Content starts

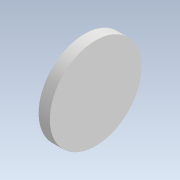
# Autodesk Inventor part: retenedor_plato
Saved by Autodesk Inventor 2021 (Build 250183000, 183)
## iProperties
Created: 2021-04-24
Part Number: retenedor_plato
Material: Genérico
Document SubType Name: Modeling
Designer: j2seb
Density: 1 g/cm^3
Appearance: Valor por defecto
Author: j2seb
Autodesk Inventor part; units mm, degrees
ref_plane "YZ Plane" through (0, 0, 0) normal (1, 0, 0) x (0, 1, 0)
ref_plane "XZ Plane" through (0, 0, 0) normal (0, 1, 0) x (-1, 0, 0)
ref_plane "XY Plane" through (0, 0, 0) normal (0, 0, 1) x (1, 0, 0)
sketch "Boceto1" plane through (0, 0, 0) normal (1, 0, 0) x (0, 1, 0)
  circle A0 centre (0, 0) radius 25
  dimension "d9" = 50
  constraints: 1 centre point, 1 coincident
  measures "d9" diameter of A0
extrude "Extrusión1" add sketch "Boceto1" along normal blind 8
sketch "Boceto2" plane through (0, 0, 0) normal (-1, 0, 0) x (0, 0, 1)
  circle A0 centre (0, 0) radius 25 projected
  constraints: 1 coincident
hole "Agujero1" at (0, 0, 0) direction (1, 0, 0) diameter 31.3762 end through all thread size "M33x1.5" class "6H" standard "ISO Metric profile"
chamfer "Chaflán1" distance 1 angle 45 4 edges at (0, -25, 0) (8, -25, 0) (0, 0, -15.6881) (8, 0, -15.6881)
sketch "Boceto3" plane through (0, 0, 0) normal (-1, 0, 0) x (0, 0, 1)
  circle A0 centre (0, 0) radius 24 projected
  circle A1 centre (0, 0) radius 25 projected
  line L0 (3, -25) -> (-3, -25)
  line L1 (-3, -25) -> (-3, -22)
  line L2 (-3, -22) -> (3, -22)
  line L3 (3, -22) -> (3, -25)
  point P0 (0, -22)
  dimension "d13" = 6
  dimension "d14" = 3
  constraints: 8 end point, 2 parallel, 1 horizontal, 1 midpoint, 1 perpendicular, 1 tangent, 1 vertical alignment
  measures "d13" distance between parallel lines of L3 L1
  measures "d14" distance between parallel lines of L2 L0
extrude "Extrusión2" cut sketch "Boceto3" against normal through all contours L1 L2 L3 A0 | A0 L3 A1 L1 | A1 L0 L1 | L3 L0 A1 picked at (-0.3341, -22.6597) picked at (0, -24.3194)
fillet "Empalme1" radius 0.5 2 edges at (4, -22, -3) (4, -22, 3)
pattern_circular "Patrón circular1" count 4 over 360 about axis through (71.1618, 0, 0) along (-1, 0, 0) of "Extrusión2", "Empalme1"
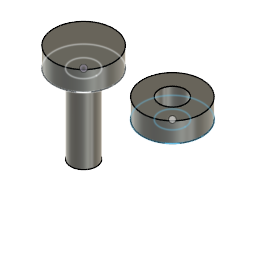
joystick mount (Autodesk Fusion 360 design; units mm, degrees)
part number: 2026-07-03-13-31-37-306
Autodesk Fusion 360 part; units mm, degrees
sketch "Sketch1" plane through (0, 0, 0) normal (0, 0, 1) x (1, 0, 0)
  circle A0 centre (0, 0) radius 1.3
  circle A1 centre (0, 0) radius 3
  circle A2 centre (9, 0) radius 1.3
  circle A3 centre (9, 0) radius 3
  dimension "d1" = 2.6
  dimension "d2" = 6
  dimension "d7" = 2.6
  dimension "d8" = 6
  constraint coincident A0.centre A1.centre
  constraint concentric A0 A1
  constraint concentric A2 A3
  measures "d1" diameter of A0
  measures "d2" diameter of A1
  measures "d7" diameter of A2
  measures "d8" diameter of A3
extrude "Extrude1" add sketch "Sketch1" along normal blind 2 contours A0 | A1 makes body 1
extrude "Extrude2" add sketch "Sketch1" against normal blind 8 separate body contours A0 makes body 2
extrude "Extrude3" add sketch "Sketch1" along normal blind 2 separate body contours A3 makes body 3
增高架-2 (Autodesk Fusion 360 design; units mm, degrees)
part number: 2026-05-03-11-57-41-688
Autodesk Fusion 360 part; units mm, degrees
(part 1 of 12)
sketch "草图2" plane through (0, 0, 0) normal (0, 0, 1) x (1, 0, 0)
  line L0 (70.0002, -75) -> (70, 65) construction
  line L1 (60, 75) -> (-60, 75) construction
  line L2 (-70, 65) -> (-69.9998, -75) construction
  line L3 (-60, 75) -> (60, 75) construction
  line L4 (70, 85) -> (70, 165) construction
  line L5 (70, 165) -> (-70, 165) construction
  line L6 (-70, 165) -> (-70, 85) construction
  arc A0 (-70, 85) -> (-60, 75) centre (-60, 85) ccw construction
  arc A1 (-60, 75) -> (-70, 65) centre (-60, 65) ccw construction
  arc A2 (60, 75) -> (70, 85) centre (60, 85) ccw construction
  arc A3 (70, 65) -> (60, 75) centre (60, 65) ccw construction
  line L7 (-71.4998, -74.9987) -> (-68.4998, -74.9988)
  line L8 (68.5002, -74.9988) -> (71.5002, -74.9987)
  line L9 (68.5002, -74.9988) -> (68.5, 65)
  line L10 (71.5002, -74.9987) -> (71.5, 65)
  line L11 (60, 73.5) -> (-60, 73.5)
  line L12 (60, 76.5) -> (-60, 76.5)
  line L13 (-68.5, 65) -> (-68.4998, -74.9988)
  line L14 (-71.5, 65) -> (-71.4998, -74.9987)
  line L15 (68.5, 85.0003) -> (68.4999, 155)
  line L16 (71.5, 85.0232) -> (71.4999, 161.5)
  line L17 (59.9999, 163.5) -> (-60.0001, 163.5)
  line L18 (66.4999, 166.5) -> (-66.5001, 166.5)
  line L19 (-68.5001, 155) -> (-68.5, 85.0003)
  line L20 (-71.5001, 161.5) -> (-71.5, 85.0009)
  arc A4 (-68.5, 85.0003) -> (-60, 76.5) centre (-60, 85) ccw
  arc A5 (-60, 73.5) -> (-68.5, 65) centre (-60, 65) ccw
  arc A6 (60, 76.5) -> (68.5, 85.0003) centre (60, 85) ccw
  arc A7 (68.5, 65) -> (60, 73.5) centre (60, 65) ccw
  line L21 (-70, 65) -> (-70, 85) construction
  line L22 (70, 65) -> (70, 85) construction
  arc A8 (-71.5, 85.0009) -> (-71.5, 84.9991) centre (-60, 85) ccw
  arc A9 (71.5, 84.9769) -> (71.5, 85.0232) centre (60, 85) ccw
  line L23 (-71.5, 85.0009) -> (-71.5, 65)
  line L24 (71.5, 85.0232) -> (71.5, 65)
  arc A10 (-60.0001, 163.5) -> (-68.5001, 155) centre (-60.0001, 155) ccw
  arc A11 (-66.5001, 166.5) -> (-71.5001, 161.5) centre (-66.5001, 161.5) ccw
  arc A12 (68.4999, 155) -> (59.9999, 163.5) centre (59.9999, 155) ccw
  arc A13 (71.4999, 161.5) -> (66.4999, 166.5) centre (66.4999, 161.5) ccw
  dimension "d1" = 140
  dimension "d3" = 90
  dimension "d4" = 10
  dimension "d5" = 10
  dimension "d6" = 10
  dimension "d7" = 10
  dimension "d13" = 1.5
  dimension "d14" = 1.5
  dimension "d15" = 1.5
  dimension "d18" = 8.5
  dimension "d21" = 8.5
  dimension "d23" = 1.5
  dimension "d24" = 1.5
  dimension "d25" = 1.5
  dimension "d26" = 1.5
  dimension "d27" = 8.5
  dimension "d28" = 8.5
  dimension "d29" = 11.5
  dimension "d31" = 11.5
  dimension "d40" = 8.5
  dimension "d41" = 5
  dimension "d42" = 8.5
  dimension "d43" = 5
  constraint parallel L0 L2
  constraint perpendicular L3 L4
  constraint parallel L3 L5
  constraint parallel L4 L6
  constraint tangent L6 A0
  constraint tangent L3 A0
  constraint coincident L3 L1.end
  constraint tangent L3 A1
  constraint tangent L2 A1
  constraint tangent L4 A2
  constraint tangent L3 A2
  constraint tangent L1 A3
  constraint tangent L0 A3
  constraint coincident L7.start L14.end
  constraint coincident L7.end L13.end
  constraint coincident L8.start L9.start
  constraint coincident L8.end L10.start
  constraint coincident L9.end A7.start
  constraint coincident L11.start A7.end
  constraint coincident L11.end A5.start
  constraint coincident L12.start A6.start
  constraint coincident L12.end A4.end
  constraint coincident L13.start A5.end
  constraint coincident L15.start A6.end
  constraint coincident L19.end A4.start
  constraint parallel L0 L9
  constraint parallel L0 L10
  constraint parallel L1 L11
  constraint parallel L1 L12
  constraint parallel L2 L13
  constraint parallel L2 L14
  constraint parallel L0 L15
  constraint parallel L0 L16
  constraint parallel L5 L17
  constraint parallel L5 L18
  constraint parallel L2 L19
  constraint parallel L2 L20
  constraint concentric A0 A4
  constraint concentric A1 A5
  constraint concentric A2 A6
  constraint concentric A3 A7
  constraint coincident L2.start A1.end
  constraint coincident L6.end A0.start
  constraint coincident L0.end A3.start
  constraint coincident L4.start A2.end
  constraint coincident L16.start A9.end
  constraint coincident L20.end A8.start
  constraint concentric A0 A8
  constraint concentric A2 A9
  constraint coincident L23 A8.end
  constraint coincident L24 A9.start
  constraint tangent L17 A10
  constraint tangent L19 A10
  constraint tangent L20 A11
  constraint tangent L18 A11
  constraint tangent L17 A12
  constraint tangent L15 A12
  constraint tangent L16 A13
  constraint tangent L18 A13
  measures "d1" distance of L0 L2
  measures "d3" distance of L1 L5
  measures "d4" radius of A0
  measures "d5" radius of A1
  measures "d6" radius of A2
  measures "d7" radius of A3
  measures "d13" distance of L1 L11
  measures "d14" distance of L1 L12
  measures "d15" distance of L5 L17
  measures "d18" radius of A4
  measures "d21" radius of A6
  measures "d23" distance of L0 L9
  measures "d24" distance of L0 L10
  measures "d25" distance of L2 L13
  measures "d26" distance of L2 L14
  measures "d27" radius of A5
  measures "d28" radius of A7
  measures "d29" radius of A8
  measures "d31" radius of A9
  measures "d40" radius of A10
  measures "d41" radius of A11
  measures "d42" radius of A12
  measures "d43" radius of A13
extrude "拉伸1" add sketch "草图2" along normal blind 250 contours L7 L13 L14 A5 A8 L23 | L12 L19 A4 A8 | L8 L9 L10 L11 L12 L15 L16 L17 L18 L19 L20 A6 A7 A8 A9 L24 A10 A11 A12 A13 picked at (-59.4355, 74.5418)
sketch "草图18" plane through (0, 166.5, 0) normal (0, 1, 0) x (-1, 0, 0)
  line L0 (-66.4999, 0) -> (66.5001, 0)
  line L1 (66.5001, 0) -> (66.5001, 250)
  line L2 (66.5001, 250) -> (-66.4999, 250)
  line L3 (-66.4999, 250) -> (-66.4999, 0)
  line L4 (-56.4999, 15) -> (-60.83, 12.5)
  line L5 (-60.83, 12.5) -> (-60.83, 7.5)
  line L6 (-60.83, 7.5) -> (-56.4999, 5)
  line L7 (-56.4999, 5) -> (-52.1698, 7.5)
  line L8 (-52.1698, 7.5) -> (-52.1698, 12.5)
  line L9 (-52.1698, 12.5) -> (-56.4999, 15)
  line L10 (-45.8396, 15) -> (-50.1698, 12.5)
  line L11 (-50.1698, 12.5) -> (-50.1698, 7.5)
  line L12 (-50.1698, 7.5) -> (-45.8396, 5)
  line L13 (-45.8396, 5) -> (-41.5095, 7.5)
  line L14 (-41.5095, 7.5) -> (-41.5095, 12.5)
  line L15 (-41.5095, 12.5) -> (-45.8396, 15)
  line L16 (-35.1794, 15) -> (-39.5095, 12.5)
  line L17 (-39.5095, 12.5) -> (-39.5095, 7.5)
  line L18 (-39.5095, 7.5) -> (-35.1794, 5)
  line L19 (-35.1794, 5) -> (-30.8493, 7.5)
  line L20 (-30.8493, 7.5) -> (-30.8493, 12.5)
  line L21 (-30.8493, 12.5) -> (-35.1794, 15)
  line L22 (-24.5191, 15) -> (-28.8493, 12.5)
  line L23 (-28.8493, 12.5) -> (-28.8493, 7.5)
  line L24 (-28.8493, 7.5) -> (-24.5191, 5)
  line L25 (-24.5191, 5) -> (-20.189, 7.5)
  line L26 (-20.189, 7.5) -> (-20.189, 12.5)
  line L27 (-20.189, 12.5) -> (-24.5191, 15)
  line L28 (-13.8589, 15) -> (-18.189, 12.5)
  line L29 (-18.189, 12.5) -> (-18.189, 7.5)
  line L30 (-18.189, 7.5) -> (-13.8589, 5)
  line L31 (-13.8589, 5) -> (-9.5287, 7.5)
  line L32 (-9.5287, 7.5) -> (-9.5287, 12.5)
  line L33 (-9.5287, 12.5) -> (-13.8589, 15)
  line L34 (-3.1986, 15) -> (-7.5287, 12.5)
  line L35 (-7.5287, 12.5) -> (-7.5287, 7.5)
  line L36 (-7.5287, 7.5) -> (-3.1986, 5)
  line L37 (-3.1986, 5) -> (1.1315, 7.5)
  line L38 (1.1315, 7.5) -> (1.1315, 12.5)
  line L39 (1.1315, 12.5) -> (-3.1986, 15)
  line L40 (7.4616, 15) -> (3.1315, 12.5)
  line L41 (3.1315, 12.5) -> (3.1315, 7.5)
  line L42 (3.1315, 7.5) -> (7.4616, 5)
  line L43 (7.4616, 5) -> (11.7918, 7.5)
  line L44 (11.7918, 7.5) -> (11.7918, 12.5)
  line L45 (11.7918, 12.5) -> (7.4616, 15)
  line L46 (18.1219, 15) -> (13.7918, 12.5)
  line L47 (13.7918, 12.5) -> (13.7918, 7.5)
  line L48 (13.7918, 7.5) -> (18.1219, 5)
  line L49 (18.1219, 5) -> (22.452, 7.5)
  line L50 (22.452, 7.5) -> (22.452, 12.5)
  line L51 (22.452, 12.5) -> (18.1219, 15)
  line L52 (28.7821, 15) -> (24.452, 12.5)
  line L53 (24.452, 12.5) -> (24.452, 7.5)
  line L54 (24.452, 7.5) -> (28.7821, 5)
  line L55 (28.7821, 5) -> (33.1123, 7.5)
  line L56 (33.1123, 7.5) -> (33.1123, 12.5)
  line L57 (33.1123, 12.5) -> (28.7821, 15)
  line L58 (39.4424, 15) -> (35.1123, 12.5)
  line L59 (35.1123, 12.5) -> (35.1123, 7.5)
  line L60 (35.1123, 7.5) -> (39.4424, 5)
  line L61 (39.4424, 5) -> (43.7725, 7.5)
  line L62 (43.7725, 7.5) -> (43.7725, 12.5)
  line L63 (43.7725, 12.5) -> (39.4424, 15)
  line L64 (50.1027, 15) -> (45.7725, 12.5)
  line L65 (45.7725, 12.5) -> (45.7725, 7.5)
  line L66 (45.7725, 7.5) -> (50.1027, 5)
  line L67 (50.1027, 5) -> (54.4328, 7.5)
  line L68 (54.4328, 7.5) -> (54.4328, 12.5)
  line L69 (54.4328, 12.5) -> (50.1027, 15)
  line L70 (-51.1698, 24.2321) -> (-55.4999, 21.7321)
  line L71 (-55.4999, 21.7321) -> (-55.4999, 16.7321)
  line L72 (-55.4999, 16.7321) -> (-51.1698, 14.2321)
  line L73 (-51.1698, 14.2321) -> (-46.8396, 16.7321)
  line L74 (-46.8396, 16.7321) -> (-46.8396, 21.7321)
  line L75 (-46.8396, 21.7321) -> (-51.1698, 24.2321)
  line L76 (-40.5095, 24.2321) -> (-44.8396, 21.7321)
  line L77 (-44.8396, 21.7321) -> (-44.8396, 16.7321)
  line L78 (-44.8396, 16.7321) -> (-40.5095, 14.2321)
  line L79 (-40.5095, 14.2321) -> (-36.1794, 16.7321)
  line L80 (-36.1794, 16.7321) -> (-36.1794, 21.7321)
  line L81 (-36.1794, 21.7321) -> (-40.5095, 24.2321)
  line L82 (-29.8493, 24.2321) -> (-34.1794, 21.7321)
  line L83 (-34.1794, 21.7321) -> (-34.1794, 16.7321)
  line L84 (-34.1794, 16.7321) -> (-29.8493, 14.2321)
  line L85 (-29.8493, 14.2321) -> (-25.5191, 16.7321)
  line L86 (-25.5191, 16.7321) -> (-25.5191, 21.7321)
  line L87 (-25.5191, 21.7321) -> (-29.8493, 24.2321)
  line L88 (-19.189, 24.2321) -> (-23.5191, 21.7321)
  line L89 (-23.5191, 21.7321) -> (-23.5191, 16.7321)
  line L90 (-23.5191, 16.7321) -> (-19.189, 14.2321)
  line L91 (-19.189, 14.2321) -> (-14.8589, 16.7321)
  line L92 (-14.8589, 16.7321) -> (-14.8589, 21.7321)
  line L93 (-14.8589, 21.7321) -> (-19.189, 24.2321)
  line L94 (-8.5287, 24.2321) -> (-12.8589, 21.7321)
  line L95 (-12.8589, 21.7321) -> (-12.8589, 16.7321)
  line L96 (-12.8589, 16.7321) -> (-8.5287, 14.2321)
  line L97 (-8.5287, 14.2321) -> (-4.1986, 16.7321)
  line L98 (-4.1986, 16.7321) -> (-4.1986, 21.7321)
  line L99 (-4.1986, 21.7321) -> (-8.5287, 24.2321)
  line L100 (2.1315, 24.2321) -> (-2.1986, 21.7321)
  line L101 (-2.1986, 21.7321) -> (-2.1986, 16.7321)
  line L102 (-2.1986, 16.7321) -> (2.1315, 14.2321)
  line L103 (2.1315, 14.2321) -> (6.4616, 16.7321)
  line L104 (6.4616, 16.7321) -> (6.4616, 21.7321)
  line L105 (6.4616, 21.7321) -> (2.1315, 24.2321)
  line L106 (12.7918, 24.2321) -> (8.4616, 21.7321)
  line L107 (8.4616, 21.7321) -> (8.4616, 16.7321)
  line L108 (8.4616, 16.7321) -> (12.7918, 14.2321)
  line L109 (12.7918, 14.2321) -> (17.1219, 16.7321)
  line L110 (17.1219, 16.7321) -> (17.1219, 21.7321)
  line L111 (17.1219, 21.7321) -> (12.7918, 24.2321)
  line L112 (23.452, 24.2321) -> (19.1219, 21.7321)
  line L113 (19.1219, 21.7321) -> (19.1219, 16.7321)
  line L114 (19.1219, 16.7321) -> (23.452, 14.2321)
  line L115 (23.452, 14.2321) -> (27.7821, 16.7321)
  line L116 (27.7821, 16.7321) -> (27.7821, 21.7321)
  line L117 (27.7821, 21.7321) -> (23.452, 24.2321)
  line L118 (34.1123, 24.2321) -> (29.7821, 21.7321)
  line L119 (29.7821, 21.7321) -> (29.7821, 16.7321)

Content ends

• [What the task requires] Word for word, restate the lines of the listing above starting at the line with "line L68 (54.4328, 7.5) -> (54.4328, 12.5)" and ending at the line with "line L99 (-4.1986, 21.7321)", and nothing outside them.

• [Finished task]
  line L68 (54.4328, 7.5) -> (54.4328, 12.5)
  line L69 (54.4328, 12.5) -> (50.1027, 15)
  line L70 (-51.1698, 24.2321) -> (-55.4999, 21.7321)
  line L71 (-55.4999, 21.7321) -> (-55.4999, 16.7321)
  line L72 (-55.4999, 16.7321) -> (-51.1698, 14.2321)
  line L73 (-51.1698, 14.2321) -> (-46.8396, 16.7321)
  line L74 (-46.8396, 16.7321) -> (-46.8396, 21.7321)
  line L75 (-46.8396, 21.7321) -> (-51.1698, 24.2321)
  line L76 (-40.5095, 24.2321) -> (-44.8396, 21.7321)
  line L77 (-44.8396, 21.7321) -> (-44.8396, 16.7321)
  line L78 (-44.8396, 16.7321) -> (-40.5095, 14.2321)
  line L79 (-40.5095, 14.2321) -> (-36.1794, 16.7321)
  line L80 (-36.1794, 16.7321) -> (-36.1794, 21.7321)
  line L81 (-36.1794, 21.7321) -> (-40.5095, 24.2321)
  line L82 (-29.8493, 24.2321) -> (-34.1794, 21.7321)
  line L83 (-34.1794, 21.7321) -> (-34.1794, 16.7321)
  line L84 (-34.1794, 16.7321) -> (-29.8493, 14.2321)
  line L85 (-29.8493, 14.2321) -> (-25.5191, 16.7321)
  line L86 (-25.5191, 16.7321) -> (-25.5191, 21.7321)
  line L87 (-25.5191, 21.7321) -> (-29.8493, 24.2321)
  line L88 (-19.189, 24.2321) -> (-23.5191, 21.7321)
  line L89 (-23.5191, 21.7321) -> (-23.5191, 16.7321)
  line L90 (-23.5191, 16.7321) -> (-19.189, 14.2321)
  line L91 (-19.189, 14.2321) -> (-14.8589, 16.7321)
  line L92 (-14.8589, 16.7321) -> (-14.8589, 21.7321)
  line L93 (-14.8589, 21.7321) -> (-19.189, 24.2321)
  line L94 (-8.5287, 24.2321) -> (-12.8589, 21.7321)
  line L95 (-12.8589, 21.7321) -> (-12.8589, 16.7321)
  line L96 (-12.8589, 16.7321) -> (-8.5287, 14.2321)
  line L97 (-8.5287, 14.2321) -> (-4.1986, 16.7321)
  line L98 (-4.1986, 16.7321) -> (-4.1986, 21.7321)
  line L99 (-4.1986, 21.7321) -> (-8.5287, 24.2321)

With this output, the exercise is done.